Records supplied —

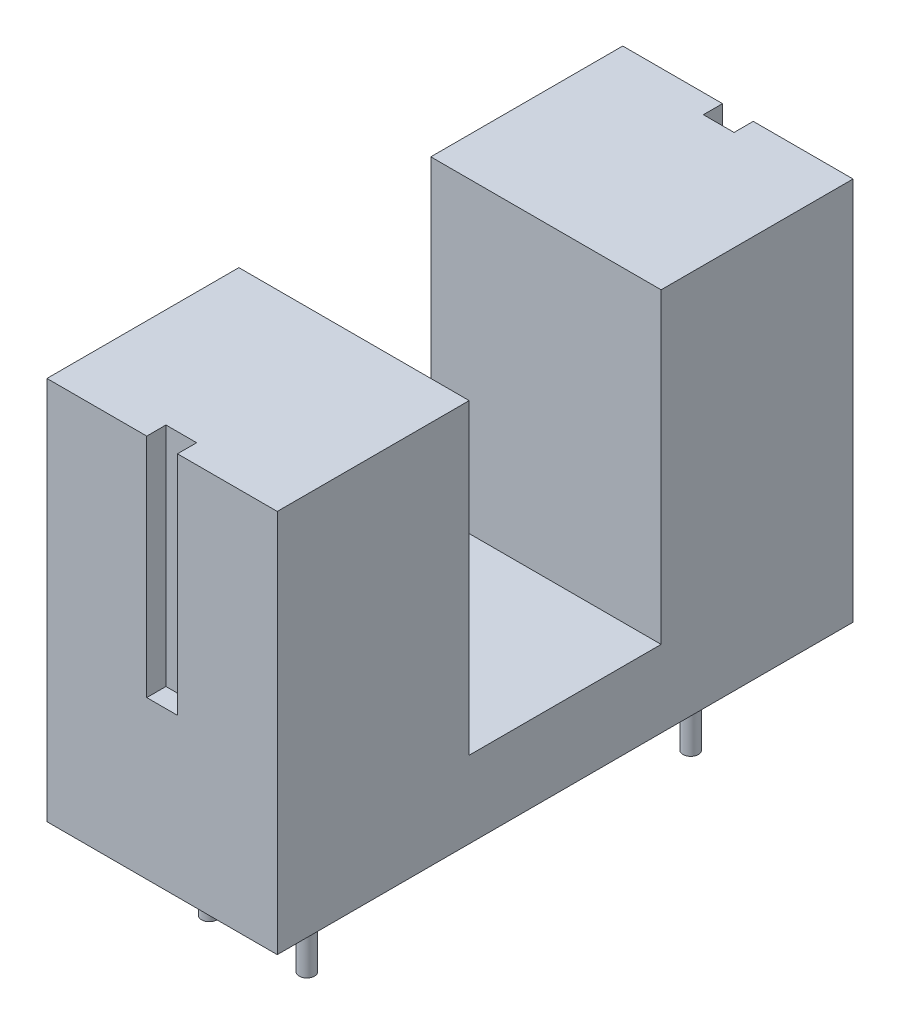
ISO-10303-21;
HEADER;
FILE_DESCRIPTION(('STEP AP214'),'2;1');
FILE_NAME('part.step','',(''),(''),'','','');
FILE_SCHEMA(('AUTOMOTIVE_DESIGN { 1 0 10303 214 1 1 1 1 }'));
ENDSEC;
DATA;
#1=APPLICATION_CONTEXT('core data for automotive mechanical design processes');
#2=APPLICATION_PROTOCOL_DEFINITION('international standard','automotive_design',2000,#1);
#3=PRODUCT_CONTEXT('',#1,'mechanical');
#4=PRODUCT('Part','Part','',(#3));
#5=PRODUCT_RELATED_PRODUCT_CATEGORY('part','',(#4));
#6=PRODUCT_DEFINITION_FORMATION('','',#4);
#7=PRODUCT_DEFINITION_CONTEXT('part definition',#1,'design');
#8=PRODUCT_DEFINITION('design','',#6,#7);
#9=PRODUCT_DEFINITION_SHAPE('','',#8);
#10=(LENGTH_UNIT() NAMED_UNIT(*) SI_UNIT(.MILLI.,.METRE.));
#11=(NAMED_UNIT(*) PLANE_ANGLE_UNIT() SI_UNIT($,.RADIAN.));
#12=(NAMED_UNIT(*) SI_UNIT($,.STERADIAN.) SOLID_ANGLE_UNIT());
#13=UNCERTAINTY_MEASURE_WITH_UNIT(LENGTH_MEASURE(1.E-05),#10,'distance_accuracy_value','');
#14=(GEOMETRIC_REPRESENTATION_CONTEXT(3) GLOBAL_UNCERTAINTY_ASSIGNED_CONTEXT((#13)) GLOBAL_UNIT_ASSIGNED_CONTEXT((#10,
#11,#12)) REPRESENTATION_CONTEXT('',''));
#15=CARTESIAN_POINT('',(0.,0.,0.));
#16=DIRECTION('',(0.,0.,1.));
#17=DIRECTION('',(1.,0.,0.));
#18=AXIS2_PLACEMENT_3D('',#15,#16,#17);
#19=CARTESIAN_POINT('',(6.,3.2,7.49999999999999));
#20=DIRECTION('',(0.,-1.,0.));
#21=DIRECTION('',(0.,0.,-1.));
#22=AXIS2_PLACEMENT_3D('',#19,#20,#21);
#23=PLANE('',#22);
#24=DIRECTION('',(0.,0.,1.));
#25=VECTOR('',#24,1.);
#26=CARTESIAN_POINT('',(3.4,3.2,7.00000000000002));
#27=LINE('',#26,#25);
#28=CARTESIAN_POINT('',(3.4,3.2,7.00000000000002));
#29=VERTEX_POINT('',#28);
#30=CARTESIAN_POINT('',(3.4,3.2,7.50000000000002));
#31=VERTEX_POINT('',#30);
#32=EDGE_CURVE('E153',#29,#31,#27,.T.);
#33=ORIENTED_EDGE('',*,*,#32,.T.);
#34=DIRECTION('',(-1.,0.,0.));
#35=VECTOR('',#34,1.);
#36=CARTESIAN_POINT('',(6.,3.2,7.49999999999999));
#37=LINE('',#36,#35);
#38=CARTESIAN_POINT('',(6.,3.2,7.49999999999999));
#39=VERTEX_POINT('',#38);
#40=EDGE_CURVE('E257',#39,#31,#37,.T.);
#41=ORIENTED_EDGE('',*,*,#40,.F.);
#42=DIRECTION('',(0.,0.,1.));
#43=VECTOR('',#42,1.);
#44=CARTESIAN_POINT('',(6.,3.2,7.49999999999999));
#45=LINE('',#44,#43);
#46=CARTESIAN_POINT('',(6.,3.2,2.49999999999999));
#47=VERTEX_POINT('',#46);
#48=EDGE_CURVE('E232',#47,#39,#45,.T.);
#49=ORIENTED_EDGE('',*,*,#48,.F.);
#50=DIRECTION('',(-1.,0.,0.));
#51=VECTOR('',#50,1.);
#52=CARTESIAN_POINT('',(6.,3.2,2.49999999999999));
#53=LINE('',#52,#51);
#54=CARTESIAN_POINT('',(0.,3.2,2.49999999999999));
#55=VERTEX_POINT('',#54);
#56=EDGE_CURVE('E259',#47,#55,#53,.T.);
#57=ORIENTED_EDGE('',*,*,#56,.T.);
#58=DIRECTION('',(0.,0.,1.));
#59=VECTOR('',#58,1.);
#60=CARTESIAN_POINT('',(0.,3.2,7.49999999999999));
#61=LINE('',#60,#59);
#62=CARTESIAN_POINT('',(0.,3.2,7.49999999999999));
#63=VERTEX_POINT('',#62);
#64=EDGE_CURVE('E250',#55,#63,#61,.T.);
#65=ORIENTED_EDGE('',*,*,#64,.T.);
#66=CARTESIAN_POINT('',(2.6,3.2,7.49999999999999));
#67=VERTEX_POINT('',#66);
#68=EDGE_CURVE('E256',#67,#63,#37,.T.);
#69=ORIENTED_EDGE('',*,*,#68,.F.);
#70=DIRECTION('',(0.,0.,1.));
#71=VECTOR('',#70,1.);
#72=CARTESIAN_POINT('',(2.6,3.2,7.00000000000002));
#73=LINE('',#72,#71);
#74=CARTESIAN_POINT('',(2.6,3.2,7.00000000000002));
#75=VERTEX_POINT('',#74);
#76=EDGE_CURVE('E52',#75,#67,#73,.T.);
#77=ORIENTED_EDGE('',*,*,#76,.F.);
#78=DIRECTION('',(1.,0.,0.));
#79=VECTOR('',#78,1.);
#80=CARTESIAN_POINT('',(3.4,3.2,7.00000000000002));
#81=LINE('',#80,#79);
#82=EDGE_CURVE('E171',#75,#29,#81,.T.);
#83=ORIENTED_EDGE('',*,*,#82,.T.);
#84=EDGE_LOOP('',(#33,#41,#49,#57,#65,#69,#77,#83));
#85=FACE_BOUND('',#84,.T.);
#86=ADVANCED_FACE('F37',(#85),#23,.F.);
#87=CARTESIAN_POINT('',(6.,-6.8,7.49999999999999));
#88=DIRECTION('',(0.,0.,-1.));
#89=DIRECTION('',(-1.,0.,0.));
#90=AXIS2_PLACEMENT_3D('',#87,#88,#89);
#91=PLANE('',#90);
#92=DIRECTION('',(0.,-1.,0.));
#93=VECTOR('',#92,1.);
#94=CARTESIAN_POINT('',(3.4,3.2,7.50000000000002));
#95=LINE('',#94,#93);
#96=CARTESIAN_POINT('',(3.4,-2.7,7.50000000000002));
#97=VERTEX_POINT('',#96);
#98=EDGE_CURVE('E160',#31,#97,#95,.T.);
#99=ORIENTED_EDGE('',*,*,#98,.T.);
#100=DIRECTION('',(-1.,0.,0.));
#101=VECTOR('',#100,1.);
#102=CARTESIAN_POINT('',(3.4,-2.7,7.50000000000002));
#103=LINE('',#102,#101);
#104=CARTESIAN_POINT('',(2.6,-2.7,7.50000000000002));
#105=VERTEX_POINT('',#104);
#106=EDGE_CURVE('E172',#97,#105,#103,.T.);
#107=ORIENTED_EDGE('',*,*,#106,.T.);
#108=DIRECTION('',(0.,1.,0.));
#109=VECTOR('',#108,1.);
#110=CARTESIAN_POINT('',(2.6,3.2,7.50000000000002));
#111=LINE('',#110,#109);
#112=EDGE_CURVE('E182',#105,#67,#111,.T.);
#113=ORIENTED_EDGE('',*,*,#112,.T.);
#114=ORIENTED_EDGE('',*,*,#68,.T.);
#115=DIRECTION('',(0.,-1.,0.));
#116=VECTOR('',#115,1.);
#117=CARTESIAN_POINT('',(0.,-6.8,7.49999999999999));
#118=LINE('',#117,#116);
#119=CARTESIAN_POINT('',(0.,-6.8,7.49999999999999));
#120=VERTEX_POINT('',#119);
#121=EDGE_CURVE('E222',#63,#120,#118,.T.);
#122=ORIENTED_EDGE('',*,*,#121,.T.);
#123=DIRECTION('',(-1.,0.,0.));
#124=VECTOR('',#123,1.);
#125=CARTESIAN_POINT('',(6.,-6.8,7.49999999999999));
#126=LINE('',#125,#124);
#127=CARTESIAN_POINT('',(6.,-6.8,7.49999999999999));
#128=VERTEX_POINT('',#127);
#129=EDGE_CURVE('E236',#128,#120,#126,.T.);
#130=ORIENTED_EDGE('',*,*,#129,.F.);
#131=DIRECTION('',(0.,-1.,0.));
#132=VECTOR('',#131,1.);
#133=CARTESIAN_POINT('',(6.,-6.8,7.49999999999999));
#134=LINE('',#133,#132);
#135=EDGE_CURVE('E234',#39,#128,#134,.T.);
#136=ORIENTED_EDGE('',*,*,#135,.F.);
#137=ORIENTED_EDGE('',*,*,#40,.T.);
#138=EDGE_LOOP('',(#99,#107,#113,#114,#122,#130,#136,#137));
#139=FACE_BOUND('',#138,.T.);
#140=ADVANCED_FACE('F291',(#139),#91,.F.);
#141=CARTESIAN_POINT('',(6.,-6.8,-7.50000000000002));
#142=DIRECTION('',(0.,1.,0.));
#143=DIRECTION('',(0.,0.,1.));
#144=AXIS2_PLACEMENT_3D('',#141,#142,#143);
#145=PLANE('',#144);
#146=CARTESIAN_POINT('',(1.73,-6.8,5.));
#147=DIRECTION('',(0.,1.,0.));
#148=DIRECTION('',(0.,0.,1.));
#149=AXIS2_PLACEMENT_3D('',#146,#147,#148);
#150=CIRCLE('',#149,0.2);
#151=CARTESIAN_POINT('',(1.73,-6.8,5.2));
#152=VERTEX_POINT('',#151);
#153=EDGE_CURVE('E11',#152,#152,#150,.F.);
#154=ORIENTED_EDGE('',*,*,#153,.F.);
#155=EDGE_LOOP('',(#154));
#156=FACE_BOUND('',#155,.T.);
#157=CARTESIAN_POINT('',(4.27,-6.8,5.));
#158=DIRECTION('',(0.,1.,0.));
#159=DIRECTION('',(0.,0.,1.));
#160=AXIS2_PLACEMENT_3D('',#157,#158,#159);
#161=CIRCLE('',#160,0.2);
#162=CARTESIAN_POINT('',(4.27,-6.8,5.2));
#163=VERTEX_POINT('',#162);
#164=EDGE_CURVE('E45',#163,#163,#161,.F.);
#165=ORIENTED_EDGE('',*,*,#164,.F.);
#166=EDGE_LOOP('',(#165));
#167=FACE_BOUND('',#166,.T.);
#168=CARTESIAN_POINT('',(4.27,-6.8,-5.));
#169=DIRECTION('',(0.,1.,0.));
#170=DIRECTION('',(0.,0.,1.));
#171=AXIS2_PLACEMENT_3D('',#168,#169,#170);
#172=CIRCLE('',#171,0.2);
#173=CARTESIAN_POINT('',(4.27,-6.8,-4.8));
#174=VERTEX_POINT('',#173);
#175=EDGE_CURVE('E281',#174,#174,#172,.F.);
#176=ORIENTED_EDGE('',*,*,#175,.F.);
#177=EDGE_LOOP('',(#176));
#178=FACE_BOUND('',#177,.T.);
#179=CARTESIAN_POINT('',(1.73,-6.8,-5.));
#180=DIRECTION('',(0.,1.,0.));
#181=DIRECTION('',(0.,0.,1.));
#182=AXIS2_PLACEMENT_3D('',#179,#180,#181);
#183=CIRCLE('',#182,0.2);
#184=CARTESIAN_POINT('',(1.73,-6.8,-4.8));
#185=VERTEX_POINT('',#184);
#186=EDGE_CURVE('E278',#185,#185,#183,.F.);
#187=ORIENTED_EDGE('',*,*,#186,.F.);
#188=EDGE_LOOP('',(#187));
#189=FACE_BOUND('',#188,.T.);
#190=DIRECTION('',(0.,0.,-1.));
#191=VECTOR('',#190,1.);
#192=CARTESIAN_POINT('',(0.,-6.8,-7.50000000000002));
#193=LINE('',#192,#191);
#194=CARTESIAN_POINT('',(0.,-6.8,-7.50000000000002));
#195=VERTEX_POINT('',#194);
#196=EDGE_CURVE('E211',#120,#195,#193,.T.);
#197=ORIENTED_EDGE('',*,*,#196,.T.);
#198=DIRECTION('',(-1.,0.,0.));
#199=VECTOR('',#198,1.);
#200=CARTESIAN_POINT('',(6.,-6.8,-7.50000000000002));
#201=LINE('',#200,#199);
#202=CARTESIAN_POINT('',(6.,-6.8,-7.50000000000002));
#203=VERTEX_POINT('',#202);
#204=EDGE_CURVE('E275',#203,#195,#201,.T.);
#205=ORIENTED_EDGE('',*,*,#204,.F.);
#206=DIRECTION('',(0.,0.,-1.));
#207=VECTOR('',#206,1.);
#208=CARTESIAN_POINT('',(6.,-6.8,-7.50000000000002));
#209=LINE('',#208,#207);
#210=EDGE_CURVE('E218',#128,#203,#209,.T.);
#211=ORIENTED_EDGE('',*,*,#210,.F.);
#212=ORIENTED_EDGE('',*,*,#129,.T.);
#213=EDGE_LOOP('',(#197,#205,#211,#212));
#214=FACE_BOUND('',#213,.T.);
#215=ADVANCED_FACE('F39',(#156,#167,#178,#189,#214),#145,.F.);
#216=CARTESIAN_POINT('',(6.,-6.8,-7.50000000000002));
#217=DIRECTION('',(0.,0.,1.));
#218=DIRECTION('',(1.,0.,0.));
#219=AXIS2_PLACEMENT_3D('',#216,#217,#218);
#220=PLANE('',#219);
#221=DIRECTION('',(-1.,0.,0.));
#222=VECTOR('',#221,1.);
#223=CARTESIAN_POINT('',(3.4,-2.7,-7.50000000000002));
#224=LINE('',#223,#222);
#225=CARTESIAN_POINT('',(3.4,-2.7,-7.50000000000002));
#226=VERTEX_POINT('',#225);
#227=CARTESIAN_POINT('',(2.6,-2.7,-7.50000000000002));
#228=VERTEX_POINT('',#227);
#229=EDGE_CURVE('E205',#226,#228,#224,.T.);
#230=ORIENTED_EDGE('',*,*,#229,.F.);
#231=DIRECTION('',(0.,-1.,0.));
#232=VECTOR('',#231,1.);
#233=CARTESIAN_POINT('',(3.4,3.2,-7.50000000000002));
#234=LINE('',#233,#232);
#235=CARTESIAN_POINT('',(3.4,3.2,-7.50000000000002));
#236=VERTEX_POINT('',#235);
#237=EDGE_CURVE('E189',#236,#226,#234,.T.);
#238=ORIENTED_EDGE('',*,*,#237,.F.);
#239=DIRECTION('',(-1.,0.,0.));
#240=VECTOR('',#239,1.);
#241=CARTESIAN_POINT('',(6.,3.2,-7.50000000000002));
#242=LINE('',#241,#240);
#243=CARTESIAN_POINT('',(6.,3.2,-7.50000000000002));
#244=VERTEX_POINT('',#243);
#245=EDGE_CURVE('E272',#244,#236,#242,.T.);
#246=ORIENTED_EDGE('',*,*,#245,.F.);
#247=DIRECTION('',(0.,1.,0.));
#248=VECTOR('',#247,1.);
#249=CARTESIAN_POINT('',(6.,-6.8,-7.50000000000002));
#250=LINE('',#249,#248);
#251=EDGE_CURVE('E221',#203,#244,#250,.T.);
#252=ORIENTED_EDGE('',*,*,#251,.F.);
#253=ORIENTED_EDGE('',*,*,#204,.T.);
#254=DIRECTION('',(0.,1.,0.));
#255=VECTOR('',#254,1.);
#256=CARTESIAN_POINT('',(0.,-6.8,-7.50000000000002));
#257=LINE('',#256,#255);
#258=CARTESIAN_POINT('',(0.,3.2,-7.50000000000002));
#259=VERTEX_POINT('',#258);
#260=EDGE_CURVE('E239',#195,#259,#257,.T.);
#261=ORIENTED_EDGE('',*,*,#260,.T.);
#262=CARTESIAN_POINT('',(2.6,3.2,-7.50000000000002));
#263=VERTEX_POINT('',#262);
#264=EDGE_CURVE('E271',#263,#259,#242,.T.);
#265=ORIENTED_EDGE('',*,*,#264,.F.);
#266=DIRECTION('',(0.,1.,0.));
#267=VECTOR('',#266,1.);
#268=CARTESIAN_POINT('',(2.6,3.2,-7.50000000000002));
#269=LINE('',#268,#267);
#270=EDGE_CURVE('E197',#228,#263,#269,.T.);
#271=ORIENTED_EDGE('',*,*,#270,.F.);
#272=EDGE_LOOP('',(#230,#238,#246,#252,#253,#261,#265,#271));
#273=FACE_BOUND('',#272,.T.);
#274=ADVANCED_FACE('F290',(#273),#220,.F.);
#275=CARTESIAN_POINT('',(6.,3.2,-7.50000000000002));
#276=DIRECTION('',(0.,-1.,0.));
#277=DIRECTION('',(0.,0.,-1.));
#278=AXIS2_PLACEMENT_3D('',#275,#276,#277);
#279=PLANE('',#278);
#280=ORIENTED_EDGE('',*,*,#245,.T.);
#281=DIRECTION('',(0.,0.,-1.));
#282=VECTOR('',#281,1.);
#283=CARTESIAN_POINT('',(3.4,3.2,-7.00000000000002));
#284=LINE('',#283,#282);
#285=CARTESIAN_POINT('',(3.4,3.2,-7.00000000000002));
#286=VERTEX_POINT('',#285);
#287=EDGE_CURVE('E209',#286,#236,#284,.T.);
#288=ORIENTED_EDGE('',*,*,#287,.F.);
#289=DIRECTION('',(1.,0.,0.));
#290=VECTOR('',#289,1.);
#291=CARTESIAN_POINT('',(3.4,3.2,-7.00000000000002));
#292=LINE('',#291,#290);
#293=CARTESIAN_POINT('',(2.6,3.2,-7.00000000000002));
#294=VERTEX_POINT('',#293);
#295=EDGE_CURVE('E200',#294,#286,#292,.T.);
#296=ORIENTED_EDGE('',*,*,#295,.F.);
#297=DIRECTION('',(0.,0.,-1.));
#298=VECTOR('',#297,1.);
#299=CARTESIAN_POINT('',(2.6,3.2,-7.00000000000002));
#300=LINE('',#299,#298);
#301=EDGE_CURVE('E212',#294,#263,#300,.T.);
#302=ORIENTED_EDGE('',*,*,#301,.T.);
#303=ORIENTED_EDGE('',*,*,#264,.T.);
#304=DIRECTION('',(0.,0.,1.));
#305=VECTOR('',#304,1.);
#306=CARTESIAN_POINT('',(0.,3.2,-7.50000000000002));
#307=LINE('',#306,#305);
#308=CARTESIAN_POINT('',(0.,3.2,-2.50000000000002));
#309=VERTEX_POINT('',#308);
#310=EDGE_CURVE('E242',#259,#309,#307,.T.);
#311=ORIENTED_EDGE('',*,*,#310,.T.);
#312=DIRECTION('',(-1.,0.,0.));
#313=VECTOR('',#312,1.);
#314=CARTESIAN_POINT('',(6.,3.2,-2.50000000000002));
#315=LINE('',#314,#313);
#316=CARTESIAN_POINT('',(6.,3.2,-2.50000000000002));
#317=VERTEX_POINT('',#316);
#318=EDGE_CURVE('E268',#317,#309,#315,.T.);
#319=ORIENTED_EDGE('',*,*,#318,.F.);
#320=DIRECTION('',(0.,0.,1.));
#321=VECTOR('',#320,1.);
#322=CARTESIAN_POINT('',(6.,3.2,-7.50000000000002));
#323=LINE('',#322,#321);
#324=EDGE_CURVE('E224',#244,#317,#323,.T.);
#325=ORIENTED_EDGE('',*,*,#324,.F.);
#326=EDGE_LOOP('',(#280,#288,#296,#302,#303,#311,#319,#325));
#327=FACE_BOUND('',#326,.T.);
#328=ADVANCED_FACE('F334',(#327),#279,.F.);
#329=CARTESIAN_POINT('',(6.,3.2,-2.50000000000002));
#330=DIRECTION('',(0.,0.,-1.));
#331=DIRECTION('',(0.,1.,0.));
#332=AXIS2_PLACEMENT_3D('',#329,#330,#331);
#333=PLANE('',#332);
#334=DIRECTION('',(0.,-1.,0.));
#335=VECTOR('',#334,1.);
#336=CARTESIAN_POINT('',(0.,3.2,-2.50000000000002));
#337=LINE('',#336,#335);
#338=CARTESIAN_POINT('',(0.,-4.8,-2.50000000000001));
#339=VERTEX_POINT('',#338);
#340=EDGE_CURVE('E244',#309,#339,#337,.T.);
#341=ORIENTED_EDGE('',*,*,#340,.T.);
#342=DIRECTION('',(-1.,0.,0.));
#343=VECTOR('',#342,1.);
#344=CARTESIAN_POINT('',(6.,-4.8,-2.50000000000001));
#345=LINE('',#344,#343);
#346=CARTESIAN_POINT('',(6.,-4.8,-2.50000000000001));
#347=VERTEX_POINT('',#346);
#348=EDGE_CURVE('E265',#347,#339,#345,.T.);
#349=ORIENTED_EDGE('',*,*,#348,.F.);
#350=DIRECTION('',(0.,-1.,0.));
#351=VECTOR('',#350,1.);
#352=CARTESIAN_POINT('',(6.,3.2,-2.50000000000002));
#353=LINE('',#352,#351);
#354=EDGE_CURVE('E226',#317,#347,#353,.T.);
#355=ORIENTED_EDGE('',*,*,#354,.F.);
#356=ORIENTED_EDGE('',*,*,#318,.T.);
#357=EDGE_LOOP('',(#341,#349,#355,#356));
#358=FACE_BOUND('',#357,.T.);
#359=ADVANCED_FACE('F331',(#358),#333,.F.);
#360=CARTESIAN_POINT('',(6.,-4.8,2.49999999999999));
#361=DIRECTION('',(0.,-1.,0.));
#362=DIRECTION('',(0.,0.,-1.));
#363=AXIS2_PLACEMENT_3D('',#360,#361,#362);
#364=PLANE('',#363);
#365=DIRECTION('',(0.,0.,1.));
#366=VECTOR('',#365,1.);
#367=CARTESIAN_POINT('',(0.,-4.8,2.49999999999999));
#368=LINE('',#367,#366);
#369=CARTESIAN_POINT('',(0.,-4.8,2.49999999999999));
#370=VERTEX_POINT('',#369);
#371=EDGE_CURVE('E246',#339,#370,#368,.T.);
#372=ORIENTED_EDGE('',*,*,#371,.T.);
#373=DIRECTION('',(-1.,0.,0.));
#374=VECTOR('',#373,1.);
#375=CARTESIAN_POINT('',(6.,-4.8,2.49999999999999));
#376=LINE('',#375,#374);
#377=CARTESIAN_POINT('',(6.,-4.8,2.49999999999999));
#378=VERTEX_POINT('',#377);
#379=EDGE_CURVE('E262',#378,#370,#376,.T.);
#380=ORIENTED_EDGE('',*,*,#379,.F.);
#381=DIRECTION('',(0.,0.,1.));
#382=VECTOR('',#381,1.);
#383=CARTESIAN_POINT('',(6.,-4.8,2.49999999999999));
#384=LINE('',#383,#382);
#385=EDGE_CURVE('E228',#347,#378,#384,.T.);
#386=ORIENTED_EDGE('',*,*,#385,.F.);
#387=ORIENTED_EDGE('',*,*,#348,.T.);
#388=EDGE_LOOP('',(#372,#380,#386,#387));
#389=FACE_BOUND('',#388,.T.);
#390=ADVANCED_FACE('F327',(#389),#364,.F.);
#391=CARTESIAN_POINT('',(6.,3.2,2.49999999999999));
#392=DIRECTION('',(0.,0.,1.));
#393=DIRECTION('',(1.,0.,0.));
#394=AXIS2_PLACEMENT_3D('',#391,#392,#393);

Work instruction —
An exact copy is needed of the lines from the start of the listing through the line with "#9=PRODUCT_DEFINITION_SHAPE('','',#8);", both end lines included and pictures excluded.

Result below —
ISO-10303-21;
HEADER;
FILE_DESCRIPTION(('STEP AP214'),'2;1');
FILE_NAME('part.step','',(''),(''),'','','');
FILE_SCHEMA(('AUTOMOTIVE_DESIGN { 1 0 10303 214 1 1 1 1 }'));
ENDSEC;
DATA;
#1=APPLICATION_CONTEXT('core data for automotive mechanical design processes');
#2=APPLICATION_PROTOCOL_DEFINITION('international standard','automotive_design',2000,#1);
#3=PRODUCT_CONTEXT('',#1,'mechanical');
#4=PRODUCT('Part','Part','',(#3));
#5=PRODUCT_RELATED_PRODUCT_CATEGORY('part','',(#4));
#6=PRODUCT_DEFINITION_FORMATION('','',#4);
#7=PRODUCT_DEFINITION_CONTEXT('part definition',#1,'design');
#8=PRODUCT_DEFINITION('design','',#6,#7);
#9=PRODUCT_DEFINITION_SHAPE('','',#8);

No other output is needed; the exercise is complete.